AqpZ was purified from the detergent-solubilized supernatant by nickel affinity chromatography using a 5 mL His-Trap HP column (GE Healthcare) attached to an ÄKTA system (GE Healthcare). The column was equilibrated with 5 column volumes (CV) of a washing buffer (W1) containing 100 mM Tris-HCl at pH 8.0, 150 mM NaCl, 0.1% DDM, and 100 mM imidazole. After proteins were loaded onto the column, the nonspecifically bound material was removed by washing with 5 CV of washing buffer W1. Elution was performed with a 5 CV gradient from 0 to 100% of an elution buffer containing 100 mM Tris-HCl at pH 8.0, 150 mM NaCl, 0.1% DDM, and 500 mM imidazole.
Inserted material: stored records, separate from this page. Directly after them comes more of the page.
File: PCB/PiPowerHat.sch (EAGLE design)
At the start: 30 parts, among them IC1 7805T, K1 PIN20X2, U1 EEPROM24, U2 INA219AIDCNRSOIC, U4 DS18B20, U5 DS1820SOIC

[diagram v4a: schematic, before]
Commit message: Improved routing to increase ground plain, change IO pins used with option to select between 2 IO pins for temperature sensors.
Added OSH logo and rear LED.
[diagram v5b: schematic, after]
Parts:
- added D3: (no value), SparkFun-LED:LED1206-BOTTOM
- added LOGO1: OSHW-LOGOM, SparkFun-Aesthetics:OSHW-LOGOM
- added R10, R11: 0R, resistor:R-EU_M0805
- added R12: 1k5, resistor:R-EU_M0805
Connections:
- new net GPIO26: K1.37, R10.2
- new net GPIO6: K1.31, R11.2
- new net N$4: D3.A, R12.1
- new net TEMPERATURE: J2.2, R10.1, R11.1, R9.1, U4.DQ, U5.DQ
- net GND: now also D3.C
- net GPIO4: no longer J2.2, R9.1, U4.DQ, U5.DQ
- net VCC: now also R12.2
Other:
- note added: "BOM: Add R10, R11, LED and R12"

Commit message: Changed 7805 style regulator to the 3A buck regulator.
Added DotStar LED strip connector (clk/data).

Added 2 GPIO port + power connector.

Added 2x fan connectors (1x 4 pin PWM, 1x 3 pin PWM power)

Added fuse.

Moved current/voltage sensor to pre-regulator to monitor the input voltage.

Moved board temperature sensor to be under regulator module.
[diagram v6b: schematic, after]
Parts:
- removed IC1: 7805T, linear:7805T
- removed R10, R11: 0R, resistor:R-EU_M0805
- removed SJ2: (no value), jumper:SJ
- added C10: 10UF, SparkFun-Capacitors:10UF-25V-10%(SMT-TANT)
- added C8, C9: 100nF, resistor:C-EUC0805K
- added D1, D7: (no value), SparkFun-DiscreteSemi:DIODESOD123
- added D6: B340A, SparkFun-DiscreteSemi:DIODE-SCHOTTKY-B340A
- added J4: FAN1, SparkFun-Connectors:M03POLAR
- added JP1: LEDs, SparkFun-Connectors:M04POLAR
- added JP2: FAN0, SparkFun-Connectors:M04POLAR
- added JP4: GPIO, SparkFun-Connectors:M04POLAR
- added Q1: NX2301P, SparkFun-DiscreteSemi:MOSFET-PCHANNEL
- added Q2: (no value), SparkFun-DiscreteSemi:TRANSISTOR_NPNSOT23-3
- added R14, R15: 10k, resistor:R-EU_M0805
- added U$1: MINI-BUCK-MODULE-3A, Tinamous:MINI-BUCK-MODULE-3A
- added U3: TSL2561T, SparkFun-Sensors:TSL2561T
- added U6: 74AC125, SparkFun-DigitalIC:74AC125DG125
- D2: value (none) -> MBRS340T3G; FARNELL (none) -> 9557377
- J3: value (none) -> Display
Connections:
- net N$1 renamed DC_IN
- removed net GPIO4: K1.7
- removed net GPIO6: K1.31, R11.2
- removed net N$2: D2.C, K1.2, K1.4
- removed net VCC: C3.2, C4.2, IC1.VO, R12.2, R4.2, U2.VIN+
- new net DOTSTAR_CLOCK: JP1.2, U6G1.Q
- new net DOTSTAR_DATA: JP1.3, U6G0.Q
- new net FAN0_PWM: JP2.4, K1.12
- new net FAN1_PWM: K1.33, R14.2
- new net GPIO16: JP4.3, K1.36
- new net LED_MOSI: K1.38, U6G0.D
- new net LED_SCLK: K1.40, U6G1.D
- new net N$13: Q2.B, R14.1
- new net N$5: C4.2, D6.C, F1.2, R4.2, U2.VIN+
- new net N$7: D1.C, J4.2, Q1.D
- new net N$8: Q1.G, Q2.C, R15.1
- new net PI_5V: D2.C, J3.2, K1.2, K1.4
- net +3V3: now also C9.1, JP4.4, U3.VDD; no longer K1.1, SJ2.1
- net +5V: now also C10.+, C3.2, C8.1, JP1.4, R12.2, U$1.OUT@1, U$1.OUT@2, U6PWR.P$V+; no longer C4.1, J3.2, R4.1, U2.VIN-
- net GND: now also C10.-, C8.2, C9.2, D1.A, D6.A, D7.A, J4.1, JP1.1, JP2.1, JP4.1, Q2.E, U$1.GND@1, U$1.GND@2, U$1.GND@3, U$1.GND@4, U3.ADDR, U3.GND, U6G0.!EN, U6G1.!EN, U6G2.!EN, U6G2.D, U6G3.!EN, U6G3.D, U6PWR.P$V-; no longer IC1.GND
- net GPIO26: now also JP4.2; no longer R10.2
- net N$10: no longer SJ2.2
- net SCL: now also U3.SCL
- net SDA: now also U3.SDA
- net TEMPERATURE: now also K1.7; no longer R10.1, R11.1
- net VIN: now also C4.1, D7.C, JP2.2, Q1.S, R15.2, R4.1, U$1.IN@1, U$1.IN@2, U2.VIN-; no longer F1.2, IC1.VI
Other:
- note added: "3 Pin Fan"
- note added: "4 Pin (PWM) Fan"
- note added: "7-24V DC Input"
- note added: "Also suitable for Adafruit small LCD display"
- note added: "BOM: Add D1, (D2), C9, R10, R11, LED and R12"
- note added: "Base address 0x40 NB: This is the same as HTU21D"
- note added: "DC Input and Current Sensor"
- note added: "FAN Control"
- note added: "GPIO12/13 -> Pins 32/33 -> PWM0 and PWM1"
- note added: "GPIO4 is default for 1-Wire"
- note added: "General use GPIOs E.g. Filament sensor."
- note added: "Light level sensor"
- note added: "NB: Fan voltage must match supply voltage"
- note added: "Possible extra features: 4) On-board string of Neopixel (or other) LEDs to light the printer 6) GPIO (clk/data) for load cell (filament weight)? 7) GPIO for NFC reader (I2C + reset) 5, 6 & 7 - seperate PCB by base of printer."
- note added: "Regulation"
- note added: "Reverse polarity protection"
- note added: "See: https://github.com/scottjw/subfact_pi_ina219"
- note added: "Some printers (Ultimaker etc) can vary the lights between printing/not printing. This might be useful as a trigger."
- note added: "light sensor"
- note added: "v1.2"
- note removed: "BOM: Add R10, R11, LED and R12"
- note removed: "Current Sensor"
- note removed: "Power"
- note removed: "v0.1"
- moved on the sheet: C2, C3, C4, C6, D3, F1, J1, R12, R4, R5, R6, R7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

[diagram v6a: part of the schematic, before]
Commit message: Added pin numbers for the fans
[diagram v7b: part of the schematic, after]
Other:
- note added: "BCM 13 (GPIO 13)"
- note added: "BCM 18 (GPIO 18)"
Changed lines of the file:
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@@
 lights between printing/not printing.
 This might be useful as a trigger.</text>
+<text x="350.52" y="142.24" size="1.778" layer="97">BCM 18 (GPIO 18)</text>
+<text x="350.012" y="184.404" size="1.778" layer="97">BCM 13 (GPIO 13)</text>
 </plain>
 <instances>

Fractions containing AqpZ were pooled and loaded into dialysis tubing (SnakeSkin Dialysis Tubing 3.5 kDa, Thermo scientific), and dialyzed against 100 volumes of a dialysis buffer containing 100 mM Tris-HCl at pH 8.0 and 150 mM NaCl for 3 h at 4 °C. The dialyzed proteins were concentrated on a 1 mL His-Trap HP column. The column was equilibrated with 10 CV of a washing buffer (W2; without imidazole) containing 100 mM Tris-HCl at pH 8.0, 150 mM NaCl and 0.1% DDM. Proteins were loaded on the column and washed with 5 CV of washing buffer W2, followed by an elution step with 100 % elution buffer. Fractions containing the highest AqpZ concentration were pooled and dialyzed as above. The 6-His-tag was then removed by digestion with TEV protease. Protease was added to the purified AqpZ at a ratio of 1:5 (w/w) and the buffer was adjusted to contain 100 mM Tris-HCl at pH 8.0, 150 mM NaCl, 0.5 mM EDTA, 1 mM DTT, 20 % glycerol, and 0.1 % DDM. Digestion was allowed to continue overnight at room temperature. The cleaved AqpZ was then separated from the TEV protease by nickel affinity using a 1 mL His-Trap HP column. The column was equilibrated with 10 CV of washing buffer W2. After sample loading, the His-tag free AqpZ was recovered by washing the column with 5 CV of washing buffer W2. The fractions containing the protein were pooled and stored with 20% of glycerol at −80 °C.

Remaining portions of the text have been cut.